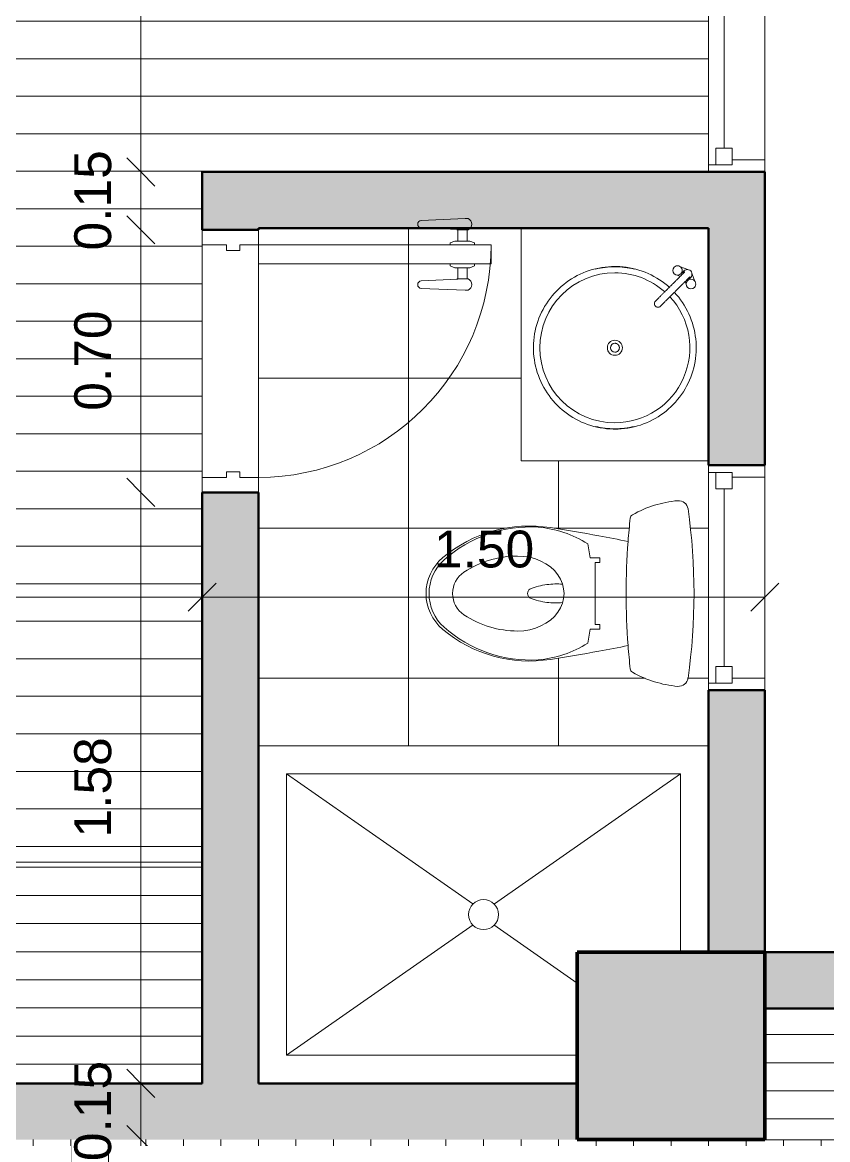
# Model space of a CAD drawing. Header units: metres. Extents: x 11 to 152, y 1 to 34.
# Drawn here: x 96.956 to 99.102, y 24.62 to 27.599 of the extents above; entities that cross this region are included whole.
import ezdxf

# ---------------------------------------------------------------- set-up
doc = ezdxf.new("R2010")
doc.units = ezdxf.units.M
for name, color, linetype, lineweight in [('A-ANNO-DIMS', 211, 'Continuous', 9), ('A-ANNO-DIMS-100', 211, 'Continuous', 9), ('A-DETL-GENF', 92, 'Continuous', 9), ('A-DOOR', 31, 'Continuous', 9), ('A-DOOR-1', 31, 'Continuous', 18), ('A-FLOR', 192, 'Continuous', 9), ('A-FLOR-PATT', 8, 'Continuous', 9), ('A-GLAZ', 151, 'Continuous', 9), ('A-GLAZ-1', 151, 'Continuous', 18), ('A-WALL-1', 113, 'Continuous', 50), ('A-WALL-PATT-1', 111, 'Continuous', 9), ('I-FURN', 30, 'Continuous', 9), ('P-SANR-FIXT', 6, 'Continuous', 9), ('S-COLS', 52, 'Continuous', 9), ('S-COLS-1', 52, 'Continuous', 100)]:
    doc.layers.add(name, color=color, linetype=linetype, lineweight=lineweight)
doc.styles.add('Arial_1', font='Arial.ttf', dxfattribs={"height": 0.098353})
doc.dimstyles.new('Cota_1_25', dxfattribs={"dimscale": 0.3048, "dimtxt": 0.1, "dimasz": 0.246063, "dimexe": 0, "dimexo": 0.0625, "dimgap": 0.164042, "dimtad": 1, "dimrnd": 0.01, "dimzin": 0, "dimdsep": 46, "dimtxsty": 'Arial_1', "dimblk1": 'OBLIQUE', "dimblk2": 'OBLIQUE', "dimsah": 1, "dimcen": 0.09, "dimazin": 0, "dimtfac": 1, "dimtdec": 4, "dimtix": 1, "dimtmove": 0, "dimatfit": 3, "dimfxl": 0, "dimfxlon": 1, "dimtvp": 1, "dimtolj": 1, "dimtzin": 0, "dimarcsym": 2})
doc.dimstyles.new('Cota_1_25_4', dxfattribs={"dimscale": 0.3048, "dimtxt": 0.1, "dimasz": 0.246063, "dimexe": 0, "dimexo": 0.0625, "dimgap": 0.164042, "dimtad": 1, "dimrnd": 0.01, "dimzin": 0, "dimdsep": 46, "dimtxsty": 'Arial_1', "dimblk1": 'OBLIQUE', "dimblk2": 'OBLIQUE', "dimsah": 1, "dimcen": 0.09, "dimazin": 0, "dimtfac": 1, "dimtdec": 4, "dimtix": 1, "dimtmove": 0, "dimatfit": 3, "dimfxl": 0, "dimfxlon": 1, "dimtvp": 1, "dimtolj": 1, "dimtzin": 0, "dimarcsym": 2})

# ---------------------------------------------------------------- blocks, each defined once
blk = doc.blocks.new('M_Concrete-Square-Column - 500 x 500mm-1442238-2 Piso _Tipo_')
at = {"layer": 'S-COLS'}
blk.add_hatch(color=256, dxfattribs=at).paths.add_polyline_path([(0.25, 0.25), (-0.25, 0.25), (-0.25, -0.25), (0.25, -0.25), (0.25, -0.1299)], flags=0)
at = {"layer": 'S-COLS-1'}
for p, q in [((-0.25, 0.25), (0.25, 0.25)), ((-0.25, -0.25), (-0.25, 0.25)), ((0.25, 0.25), (0.25, -0.25)), ((0.25, -0.25), (-0.25, -0.25))]:
    blk.add_line(p, q, dxfattribs=at)
blk = doc.blocks.new('M_Concrete-Square-Column - 500 x 500mm-1715201-2 Piso _Tipo_')
at = {"layer": 'S-COLS'}
blk.add_hatch(color=256, dxfattribs=at).paths.add_polyline_path([(0.25, -0.25), (0.25, 0.25), (-0.25, 0.25), (-0.25, -0.25), (0.2438, -0.25)], flags=0)
at = {"layer": 'S-COLS-1'}
for p, q in [((0.25, 0.25), (-0.25, 0.25)), ((-0.25, 0.25), (-0.25, -0.25)), ((0.25, -0.25), (0.25, 0.25)), ((-0.25, -0.25), (0.25, -0.25))]:
    blk.add_line(p, q, dxfattribs=at)
blk = doc.blocks.new('EA-Sencilla abisagrada - 70 x 210-1204123-2 Piso _Tipo_')
at = {"layer": 'A-DETL-GENF'}
for p, q in [((0.194, -0.5091), (0.189, -0.6263)), ((0.219, -0.6263), (0.214, -0.5091)), ((0.35, -0.6263), (0.355, -0.5091)), ((0.375, -0.5091), (0.38, -0.6263)), ((0.249, -0.5988), (0.254, -0.5863)), ((0.254, -0.5863), (0.259, -0.5863)), ((0.259, -0.6513), (0.259, -0.5863)), ((0.315, -0.5863), (0.31, -0.5863)), ((0.31, -0.6513), (0.31, -0.5863)), ((0.32, -0.5988), (0.315, -0.5863)), ((0.219, -0.6038), (0.219, -0.6338)), ((0.249, -0.6063), (0.219, -0.6063)), ((0.249, -0.6388), (0.249, -0.5988)), ((0.32, -0.6388), (0.32, -0.5988)), ((0.32, -0.6063), (0.35, -0.6063)), ((0.35, -0.6038), (0.35, -0.6338)), ((0.189, -0.6338), (0.189, -0.6263)), ((0.219, -0.6313), (0.249, -0.6313)), ((0.249, -0.6388), (0.254, -0.6513)), ((0.259, -0.6513), (0.254, -0.6513)), ((0.31, -0.6513), (0.315, -0.6513)), ((0.32, -0.6388), (0.315, -0.6513)), ((0.35, -0.6313), (0.32, -0.6313)), ((0.38, -0.6338), (0.38, -0.6263))]:
    blk.add_line(p, q, dxfattribs=at)
for centre, radius, start, end in [((0.204, -0.5095), 0.01, 2.4476, 177.5524), ((0.365, -0.5095), 0.01, 2.4476, 177.5524), ((0.204, -0.6276), 0.0162, 202.6199, 337.3801), ((0.365, -0.6276), 0.0162, 202.6199, 337.3801)]:
    blk.add_arc(centre, radius, start, end, dxfattribs=at)
at = {"layer": 'A-DOOR'}
blk.add_arc((0.31, -0.075), 0.62, 180, 270, dxfattribs=at)
at = {"layer": 'A-DOOR-1'}
for p, q in [((-0.35, 0.075), (-0.31, 0.075)), ((-0.31, 0.075), (-0.31, 0.01)), ((0.31, 0.075), (0.35, 0.075)), ((0.31, 0.01), (0.31, 0.075)), ((-0.31, 0.01), (-0.295, 0.01)), ((-0.295, 0.01), (-0.295, -0.025)), ((0.295, 0.01), (0.31, 0.01)), ((0.295, -0.025), (0.295, 0.01)), ((-0.31, -0.025), (-0.31, -0.075)), ((-0.295, -0.025), (-0.31, -0.025)), ((0.31, -0.025), (0.295, -0.025)), ((0.31, -0.075), (0.31, -0.025)), ((-0.31, -0.075), (-0.35, -0.075)), ((0.259, -0.075), (0.259, -0.695)), ((0.31, -0.075), (0.259, -0.075)), ((0.31, -0.075), (0.31, -0.695)), ((0.35, -0.075), (0.31, -0.075)), ((0.31, -0.695), (0.259, -0.695))]:
    blk.add_line(p, q, dxfattribs=at)
blk = doc.blocks.new('M_Fixed - 240x60-1438101-2 Piso _Tipo_')
at = {"layer": 'A-GLAZ-1'}
for p, q in [((-0.3, 0.088), (-0.281, 0.088)), ((-0.281, 0.088), (-0.281, 0.025)), ((-0.281, 0.069), (-0.237, 0.069)), ((-0.237, 0.069), (-0.237, 0.025)), ((0.237, 0.069), (0.237, 0.025)), ((0.281, 0.069), (0.237, 0.069)), ((0.281, 0.088), (0.281, 0.025)), ((0.2989, 0.088), (0.281, 0.088)), ((-0.237, 0.047), (0.237, 0.047)), ((-0.281, 0.025), (-0.237, 0.025)), ((-0.268, 0.025), (-0.268, -0.062)), ((0.237, 0.025), (0.281, 0.025)), ((0.268, 0.025), (0.268, -0.062)), ((-0.3, -0.062), (-0.268, -0.062)), ((0.3, -0.062), (0.268, -0.062))]:
    blk.add_line(p, q, dxfattribs=at)
blk = doc.blocks.new('EA santario - EA santario-1236399-2 Piso _Tipo_')
at = {"layer": 'P-SANR-FIXT'}
for p, q in [((-0.0952, -0.0806), (-0.1325, -0.074)), ((-0.0952, -0.106), (-0.0952, -0.0806)), ((0.1325, -0.074), (0.0953, -0.0806)), ((0.0953, -0.0806), (0.0953, -0.106)), ((-0.0825, -0.106), (-0.0952, -0.106)), ((-0.0825, -0.0933), (-0.0825, -0.106)), ((0.0826, -0.0933), (-0.0825, -0.0933)), ((0.0826, -0.106), (0.0826, -0.0933)), ((0.0953, -0.106), (0.0826, -0.106))]:
    blk.add_line(p, q, dxfattribs=at)
for centre, radius, start, end in [((0, 0.2322), 0.125, 40.0388, 139.9612), ((0, 0.2292), 0.12, 41.8401, 138.1599), ((0.18, 0.0811), 0.36, 139.981, 188.91), ((0.1676, 0.0791), 0.345, 138.1599, 183.4315), ((-0.1676, 0.0791), 0.345, 356.5685, 41.8401), ((-0.18, 0.0811), 0.36, 351.09, 40.019), ((0, 0.2182), 0.0683, 33.6309, 146.3691), ((0.158, 0.1131), 0.258, 146.3691, 180), ((-0.158, 0.1131), 0.258, 0, 33.6309), ((0, 0.0716), 0.0147, 36.4562, 143.5438), ((0.1189, 0.0836), 0.2967, 184.8582, 212.071), ((-0.1189, 0.0836), 0.2967, 327.929, 355.1418), ((4.7641, 0.7998), 5.0001, 188.91, 190.4032), ((-4.7641, 0.7998), 5.0001, 349.5968, 351.09), ((4.7641, 0.7998), 5.0001, 190.4032, 191.3174), ((-4.7641, 0.7998), 5.0001, 348.6826, 349.5968), ((0, -2.0111), 1.8349, 85.6627, 94.3373), ((0.0513, -0.3405), 0.3, 150.5617, 174.8856), ((-0.1999, -0.1987), 0.0115, 96.2955, 150.5617), ((0, -2.0111), 1.8349, 94.3373, 96.2955), ((0, -2.0111), 1.8349, 83.7045, 85.6627), ((0.1999, -0.1987), 0.0115, 29.4383, 83.7045), ((-0.0513, -0.3405), 0.3, 5.1144, 29.4383), ((-0.2222, -0.316), 0.0254, 174.8856, 261.8874), ((0.2222, -0.316), 0.0254, 278.1126, 5.1144), ((0, 1.2428), 1.6, 261.8874, 278.1126)]:
    blk.add_arc(centre, radius, start, end, dxfattribs=at)
blk.add_ellipse((0, 0.1131), major_axis=(0, 0.1238), ratio=0.807692, start_param=1.570796, end_param=4.712389, dxfattribs=at)
for points in [[(-0.0118, 0.0804), (-0.0148, 0.0728), (-0.0199, 0.0575), (-0.024, 0.0349), (-0.0254, 0.0133), (-0.0249, -0.0001), (-0.0243, -0.0065)], [(0.0249, -0.0062), (0.0254, 0.0001), (0.0258, 0.0135), (0.0243, 0.035), (0.02, 0.0576), (0.0149, 0.0728), (0.0118, 0.0804)]]:
    blk.add_open_spline(points, degree=3, dxfattribs=at)
blk = doc.blocks.new('mesa60 - mesa001-1826012-2 Piso _Tipo_')
at = {"layer": 'I-FURN'}
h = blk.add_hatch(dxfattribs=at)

• • • • •

**EXERCISE PROMPT**
Please copy every line from the entries that includes the word "Column".

**ANSWER TO THIS TASK**
blk = doc.blocks.new('M_Concrete-Square-Column - 500 x 500mm-1442238-2 Piso _Tipo_')
blk = doc.blocks.new('M_Concrete-Square-Column - 500 x 500mm-1715201-2 Piso _Tipo_')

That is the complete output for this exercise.